Os pais acionaram a polícia. Naquela mesma noite, o delegado foi contatado por um homem que afirmava ter sequestrado Ana Lídia, exigindo um resgate de 2 milhões de cruzeiros. No dia seguinte, uma carta surgiu em um supermercado próximo à casa da família, solicitando o pagamento de 500 mil cruzeiros.
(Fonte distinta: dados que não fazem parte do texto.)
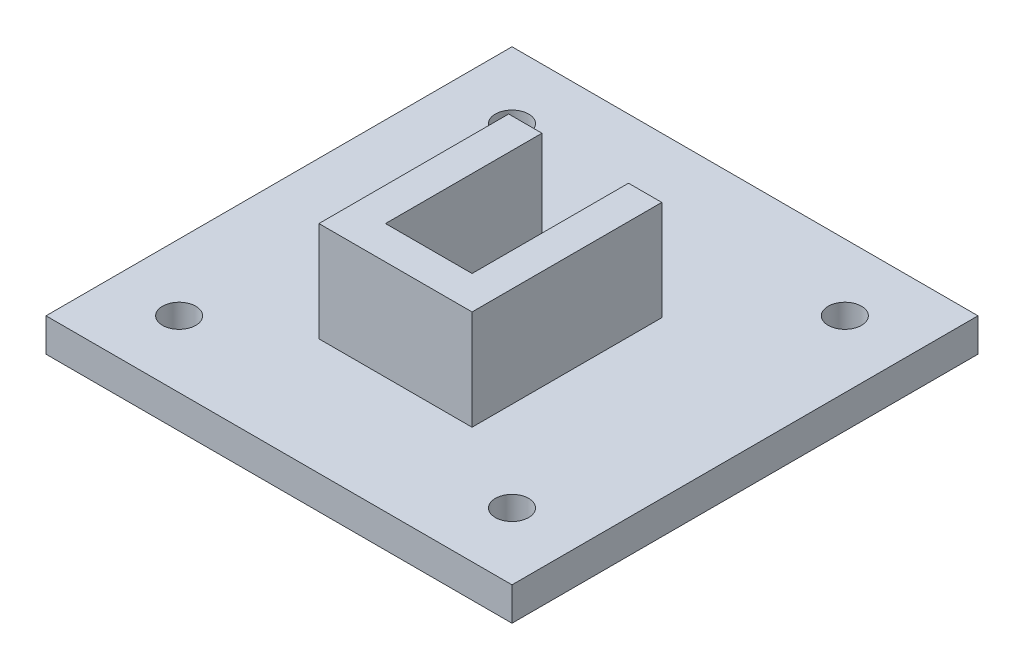
ISO-10303-21;
HEADER;
FILE_DESCRIPTION(('STEP AP214'),'2;1');
FILE_NAME('part.step','',(''),(''),'','','');
FILE_SCHEMA(('AUTOMOTIVE_DESIGN { 1 0 10303 214 1 1 1 1 }'));
ENDSEC;
DATA;
#1=APPLICATION_CONTEXT('core data for automotive mechanical design processes');
#2=APPLICATION_PROTOCOL_DEFINITION('international standard','automotive_design',2000,#1);
#3=PRODUCT_CONTEXT('',#1,'mechanical');
#4=PRODUCT('Part','Part','',(#3));
#5=PRODUCT_RELATED_PRODUCT_CATEGORY('part','',(#4));
#6=PRODUCT_DEFINITION_FORMATION('','',#4);
#7=PRODUCT_DEFINITION_CONTEXT('part definition',#1,'design');
#8=PRODUCT_DEFINITION('design','',#6,#7);
#9=PRODUCT_DEFINITION_SHAPE('','',#8);
#10=(LENGTH_UNIT() NAMED_UNIT(*) SI_UNIT(.MILLI.,.METRE.));
#11=(NAMED_UNIT(*) PLANE_ANGLE_UNIT() SI_UNIT($,.RADIAN.));
#12=(NAMED_UNIT(*) SI_UNIT($,.STERADIAN.) SOLID_ANGLE_UNIT());
#13=UNCERTAINTY_MEASURE_WITH_UNIT(LENGTH_MEASURE(1.E-05),#10,'distance_accuracy_value','');
#14=(GEOMETRIC_REPRESENTATION_CONTEXT(3) GLOBAL_UNCERTAINTY_ASSIGNED_CONTEXT((#13)) GLOBAL_UNIT_ASSIGNED_CONTEXT((#10,
#11,#12)) REPRESENTATION_CONTEXT('',''));
#15=CARTESIAN_POINT('',(0.,0.,0.));
#16=DIRECTION('',(0.,0.,1.));
#17=DIRECTION('',(1.,0.,0.));
#18=AXIS2_PLACEMENT_3D('',#15,#16,#17);
#19=CARTESIAN_POINT('',(35.,5.,-35.));
#20=DIRECTION('',(-1.,0.,0.));
#21=DIRECTION('',(0.,0.,1.));
#22=AXIS2_PLACEMENT_3D('',#19,#20,#21);
#23=PLANE('',#22);
#24=DIRECTION('',(0.,0.,-1.));
#25=VECTOR('',#24,1.);
#26=CARTESIAN_POINT('',(35.,0.,-35.));
#27=LINE('',#26,#25);
#28=CARTESIAN_POINT('',(35.,0.,35.));
#29=VERTEX_POINT('',#28);
#30=CARTESIAN_POINT('',(35.,0.,-35.));
#31=VERTEX_POINT('',#30);
#32=EDGE_CURVE('E208',#29,#31,#27,.T.);
#33=ORIENTED_EDGE('',*,*,#32,.T.);
#34=DIRECTION('',(0.,-1.,0.));
#35=VECTOR('',#34,1.);
#36=CARTESIAN_POINT('',(35.,5.,-35.));
#37=LINE('',#36,#35);
#38=CARTESIAN_POINT('',(35.,5.,-35.));
#39=VERTEX_POINT('',#38);
#40=EDGE_CURVE('E11',#39,#31,#37,.T.);
#41=ORIENTED_EDGE('',*,*,#40,.F.);
#42=DIRECTION('',(0.,0.,-1.));
#43=VECTOR('',#42,1.);
#44=CARTESIAN_POINT('',(35.,5.,-35.));
#45=LINE('',#44,#43);
#46=CARTESIAN_POINT('',(35.,5.,35.));
#47=VERTEX_POINT('',#46);
#48=EDGE_CURVE('E211',#47,#39,#45,.T.);
#49=ORIENTED_EDGE('',*,*,#48,.F.);
#50=DIRECTION('',(0.,-1.,0.));
#51=VECTOR('',#50,1.);
#52=CARTESIAN_POINT('',(35.,5.,35.));
#53=LINE('',#52,#51);
#54=EDGE_CURVE('E221',#47,#29,#53,.T.);
#55=ORIENTED_EDGE('',*,*,#54,.T.);
#56=EDGE_LOOP('',(#33,#41,#49,#55));
#57=FACE_BOUND('',#56,.T.);
#58=ADVANCED_FACE('F38',(#57),#23,.F.);
#59=CARTESIAN_POINT('',(-35.,5.,-35.));
#60=DIRECTION('',(0.,0.,1.));
#61=DIRECTION('',(1.,0.,0.));
#62=AXIS2_PLACEMENT_3D('',#59,#60,#61);
#63=PLANE('',#62);
#64=DIRECTION('',(-1.,0.,0.));
#65=VECTOR('',#64,1.);
#66=CARTESIAN_POINT('',(-35.,0.,-35.));
#67=LINE('',#66,#65);
#68=CARTESIAN_POINT('',(-35.,0.,-35.));
#69=VERTEX_POINT('',#68);
#70=EDGE_CURVE('E224',#31,#69,#67,.T.);
#71=ORIENTED_EDGE('',*,*,#70,.T.);
#72=DIRECTION('',(0.,-1.,0.));
#73=VECTOR('',#72,1.);
#74=CARTESIAN_POINT('',(-35.,5.,-35.));
#75=LINE('',#74,#73);
#76=CARTESIAN_POINT('',(-35.,5.,-35.));
#77=VERTEX_POINT('',#76);
#78=EDGE_CURVE('E45',#77,#69,#75,.T.);
#79=ORIENTED_EDGE('',*,*,#78,.F.);
#80=DIRECTION('',(-1.,0.,0.));
#81=VECTOR('',#80,1.);
#82=CARTESIAN_POINT('',(-35.,5.,-35.));
#83=LINE('',#82,#81);
#84=EDGE_CURVE('E214',#39,#77,#83,.T.);
#85=ORIENTED_EDGE('',*,*,#84,.F.);
#86=ORIENTED_EDGE('',*,*,#40,.T.);
#87=EDGE_LOOP('',(#71,#79,#85,#86));
#88=FACE_BOUND('',#87,.T.);
#89=ADVANCED_FACE('F253',(#88),#63,.F.);
#90=CARTESIAN_POINT('',(-35.,5.,-35.));
#91=DIRECTION('',(1.,0.,0.));
#92=DIRECTION('',(0.,0.,-1.));
#93=AXIS2_PLACEMENT_3D('',#90,#91,#92);
#94=PLANE('',#93);
#95=DIRECTION('',(0.,0.,1.));
#96=VECTOR('',#95,1.);
#97=CARTESIAN_POINT('',(-35.,0.,-35.));
#98=LINE('',#97,#96);
#99=CARTESIAN_POINT('',(-35.,0.,35.));
#100=VERTEX_POINT('',#99);
#101=EDGE_CURVE('E226',#69,#100,#98,.T.);
#102=ORIENTED_EDGE('',*,*,#101,.T.);
#103=DIRECTION('',(0.,-1.,0.));
#104=VECTOR('',#103,1.);
#105=CARTESIAN_POINT('',(-35.,5.,35.));
#106=LINE('',#105,#104);
#107=CARTESIAN_POINT('',(-35.,5.,35.));
#108=VERTEX_POINT('',#107);
#109=EDGE_CURVE('E231',#108,#100,#106,.T.);
#110=ORIENTED_EDGE('',*,*,#109,.F.);
#111=DIRECTION('',(0.,0.,1.));
#112=VECTOR('',#111,1.);
#113=CARTESIAN_POINT('',(-35.,5.,-35.));
#114=LINE('',#113,#112);
#115=EDGE_CURVE('E217',#77,#108,#114,.T.);
#116=ORIENTED_EDGE('',*,*,#115,.F.);
#117=ORIENTED_EDGE('',*,*,#78,.T.);
#118=EDGE_LOOP('',(#102,#110,#116,#117));
#119=FACE_BOUND('',#118,.T.);
#120=ADVANCED_FACE('F238',(#119),#94,.F.);
#121=CARTESIAN_POINT('',(-35.,5.,35.));
#122=DIRECTION('',(0.,0.,-1.));
#123=DIRECTION('',(-1.,0.,0.));
#124=AXIS2_PLACEMENT_3D('',#121,#122,#123);
#125=PLANE('',#124);
#126=DIRECTION('',(1.,0.,0.));
#127=VECTOR('',#126,1.);
#128=CARTESIAN_POINT('',(-35.,0.,35.));
#129=LINE('',#128,#127);
#130=EDGE_CURVE('E215',#100,#29,#129,.T.);
#131=ORIENTED_EDGE('',*,*,#130,.T.);
#132=ORIENTED_EDGE('',*,*,#54,.F.);
#133=DIRECTION('',(1.,0.,0.));
#134=VECTOR('',#133,1.);
#135=CARTESIAN_POINT('',(-35.,5.,35.));
#136=LINE('',#135,#134);
#137=EDGE_CURVE('E219',#108,#47,#136,.T.);
#138=ORIENTED_EDGE('',*,*,#137,.F.);
#139=ORIENTED_EDGE('',*,*,#109,.T.);
#140=EDGE_LOOP('',(#131,#132,#138,#139));
#141=FACE_BOUND('',#140,.T.);
#142=ADVANCED_FACE('F247',(#141),#125,.F.);
#143=CARTESIAN_POINT('',(0.,5.,0.));
#144=DIRECTION('',(0.,1.,0.));
#145=DIRECTION('',(0.,0.,1.));
#146=AXIS2_PLACEMENT_3D('',#143,#144,#145);
#147=PLANE('',#146);
#148=DIRECTION('',(0.,0.,1.));
#149=VECTOR('',#148,1.);
#150=CARTESIAN_POINT('',(-11.5,5.,-17.5));
#151=LINE('',#150,#149);
#152=CARTESIAN_POINT('',(-11.5,5.,-11.));
#153=VERTEX_POINT('',#152);
#154=CARTESIAN_POINT('',(-11.5,5.,17.5));
#155=VERTEX_POINT('',#154);
#156=EDGE_CURVE('E178',#153,#155,#151,.T.);
#157=ORIENTED_EDGE('',*,*,#156,.F.);
#158=DIRECTION('',(1.,0.,0.));
#159=VECTOR('',#158,1.);
#160=CARTESIAN_POINT('',(-11.5,5.,-11.));
#161=LINE('',#160,#159);
#162=CARTESIAN_POINT('',(-6.5,5.,-11.));
#163=VERTEX_POINT('',#162);
#164=EDGE_CURVE('E52',#153,#163,#161,.T.);
#165=ORIENTED_EDGE('',*,*,#164,.T.);
#166=DIRECTION('',(0.,0.,1.));
#167=VECTOR('',#166,1.);
#168=CARTESIAN_POINT('',(-6.5,5.,-17.5));
#169=LINE('',#168,#167);
#170=CARTESIAN_POINT('',(-6.5,5.,12.5));
#171=VERTEX_POINT('',#170);
#172=EDGE_CURVE('E148',#163,#171,#169,.T.);
#173=ORIENTED_EDGE('',*,*,#172,.T.);
#174=DIRECTION('',(1.,0.,0.));
#175=VECTOR('',#174,1.);
#176=CARTESIAN_POINT('',(-6.5,5.,12.5));
#177=LINE('',#176,#175);
#178=CARTESIAN_POINT('',(6.5,5.,12.5));
#179=VERTEX_POINT('',#178);
#180=EDGE_CURVE('E147',#171,#179,#177,.T.);
#181=ORIENTED_EDGE('',*,*,#180,.T.);
#182=DIRECTION('',(0.,0.,-1.));
#183=VECTOR('',#182,1.);
#184=CARTESIAN_POINT('',(6.5,5.,-17.5));
#185=LINE('',#184,#183);
#186=CARTESIAN_POINT('',(6.5,5.,-11.));
#187=VERTEX_POINT('',#186);
#188=EDGE_CURVE('E139',#179,#187,#185,.T.);
#189=ORIENTED_EDGE('',*,*,#188,.T.);
#190=DIRECTION('',(1.,0.,0.));
#191=VECTOR('',#190,1.);
#192=CARTESIAN_POINT('',(6.5,5.,-11.));
#193=LINE('',#192,#191);
#194=CARTESIAN_POINT('',(11.5,5.,-11.));
#195=VERTEX_POINT('',#194);
#196=EDGE_CURVE('E125',#187,#195,#193,.T.);
#197=ORIENTED_EDGE('',*,*,#196,.T.);
#198=DIRECTION('',(0.,0.,-1.));
#199=VECTOR('',#198,1.);
#200=CARTESIAN_POINT('',(11.5,5.,-17.5));
#201=LINE('',#200,#199);
#202=CARTESIAN_POINT('',(11.5,5.,17.5));
#203=VERTEX_POINT('',#202);
#204=EDGE_CURVE('E59',#203,#195,#201,.T.);
#205=ORIENTED_EDGE('',*,*,#204,.F.);
#206=DIRECTION('',(1.,0.,0.));
#207=VECTOR('',#206,1.);
#208=CARTESIAN_POINT('',(-11.5,5.,17.5));
#209=LINE('',#208,#207);
#210=EDGE_CURVE('E172',#155,#203,#209,.T.);
#211=ORIENTED_EDGE('',*,*,#210,.F.);
#212=EDGE_LOOP('',(#157,#165,#173,#181,#189,#197,#205,#211));
#213=FACE_BOUND('',#212,.T.);
#214=CARTESIAN_POINT('',(25.,5.,25.));
#215=DIRECTION('',(0.,1.,0.));
#216=DIRECTION('',(0.,0.,1.));
#217=AXIS2_PLACEMENT_3D('',#214,#215,#216);
#218=CIRCLE('',#217,2.5);
#219=CARTESIAN_POINT('',(25.,5.,27.5));
#220=VERTEX_POINT('',#219);
#221=EDGE_CURVE('E186',#220,#220,#218,.T.);
#222=ORIENTED_EDGE('',*,*,#221,.F.);
#223=EDGE_LOOP('',(#222));
#224=FACE_BOUND('',#223,.T.);
#225=CARTESIAN_POINT('',(-25.,5.,25.));
#226=DIRECTION('',(0.,1.,0.));
#227=DIRECTION('',(0.,0.,1.));
#228=AXIS2_PLACEMENT_3D('',#225,#226,#227);
#229=CIRCLE('',#228,2.5);
#230=CARTESIAN_POINT('',(-25.,5.,27.5));
#231=VERTEX_POINT('',#230);
#232=EDGE_CURVE('E190',#231,#231,#229,.T.);
#233=ORIENTED_EDGE('',*,*,#232,.F.);
#234=EDGE_LOOP('',(#233));
#235=FACE_BOUND('',#234,.T.);
#236=CARTESIAN_POINT('',(25.,5.,-25.));
#237=DIRECTION('',(0.,1.,0.));
#238=DIRECTION('',(0.,0.,1.));
#239=AXIS2_PLACEMENT_3D('',#236,#237,#238);
#240=CIRCLE('',#239,2.5);
#241=CARTESIAN_POINT('',(25.,5.,-22.5));
#242=VERTEX_POINT('',#241);
#243=EDGE_CURVE('E196',#242,#242,#240,.T.);
#244=ORIENTED_EDGE('',*,*,#243,.F.);
#245=EDGE_LOOP('',(#244));
#246=FACE_BOUND('',#245,.T.);
#247=CARTESIAN_POINT('',(-25.,5.,-25.));
#248=DIRECTION('',(0.,1.,0.));
#249=DIRECTION('',(0.,0.,1.));
#250=AXIS2_PLACEMENT_3D('',#247,#248,#249);
#251=CIRCLE('',#250,2.5);
#252=CARTESIAN_POINT('',(-25.,5.,-22.5));
#253=VERTEX_POINT('',#252);
#254=EDGE_CURVE('E202',#253,#253,#251,.T.);
#255=ORIENTED_EDGE('',*,*,#254,.F.);
#256=EDGE_LOOP('',(#255));
#257=FACE_BOUND('',#256,.T.);
#258=ORIENTED_EDGE('',*,*,#48,.T.);
#259=ORIENTED_EDGE('',*,*,#84,.T.);
#260=ORIENTED_EDGE('',*,*,#115,.T.);
#261=ORIENTED_EDGE('',*,*,#137,.T.);
#262=EDGE_LOOP('',(#258,#259,#260,#261));
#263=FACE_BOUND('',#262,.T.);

No dia seguinte, o corpo de Ana Lídia foi encontrado em um matagal próximo à UnB (Universidade de Brasília). Estava nu, com os cabelos cortados de maneira desigual e rente ao couro cabeludo. Próximo ao local, foram encontrados preservativos, mas os materiais genéticos nunca foram comparados com os suspeitos. O exame também revelou hematomas e escoriações no corpo da vítima, confirmando que ela foi estuprada após sua morte.
Investigação
O desenrolar do caso mudou quando os investigadores apontaram o irmão de Ana Lídia, Álvaro Henrique Braga, como suspeito de ter forjado o sequestro junto com o traficante de drogas Raimundo Duque. Supostamente, o objetivo era extorquir dinheiro do pai, um funcionário público. Álvaro foi identificado como o possível responsável por buscar Ana Lídia na escola, coincidindo com a descrição do homem que a acompanhou. Além disso, ele enfrentava acusações de envolvimento com drogas e suspeitas de dívidas com traficantes, embora tenha sido absolvido na época.
Em 1974, por censura, o caso deixou de ser divulgado pela imprensa. Surgiram então outros suspeitos, Alfredo Buzaid Júnior (Buzaidinho), filho do ministro da Justiça, Alfredo Buzaid, e de Eduardo Rezende, filho do senador Eurico Rezende, líder do governo na época. Contudo, nada foi comprovado contra os suspeitos. O irmão de Ana Lídia e Raimundo Duque, também foram absolvidos em 1974 devido à falta de provas em relação ao crime.
O caso nunca teve uma solução, o que causa revolta até hoje para os brasilienses, como a bibliotecária Claudia Stocker, 57, que estudou com Ana Lídia.
Estávamos na primeira série. Ela era uma menina muito carismática, extrovertida, inteligentíssima e não conversava muito. Uma menina linda de cabelos loiros e cacheados e olhos azuis. A sua morte foi um choque para todos naquela época. Eu soube pelo noticiário da TV e com a inocência de criança, não entendia o porquê daquela barbárie. Até hoje, recordo bem dela e me entristece muito, passados 50 anos, este crime permanecer cheio de mistérios e impunidades, mas não esquecido.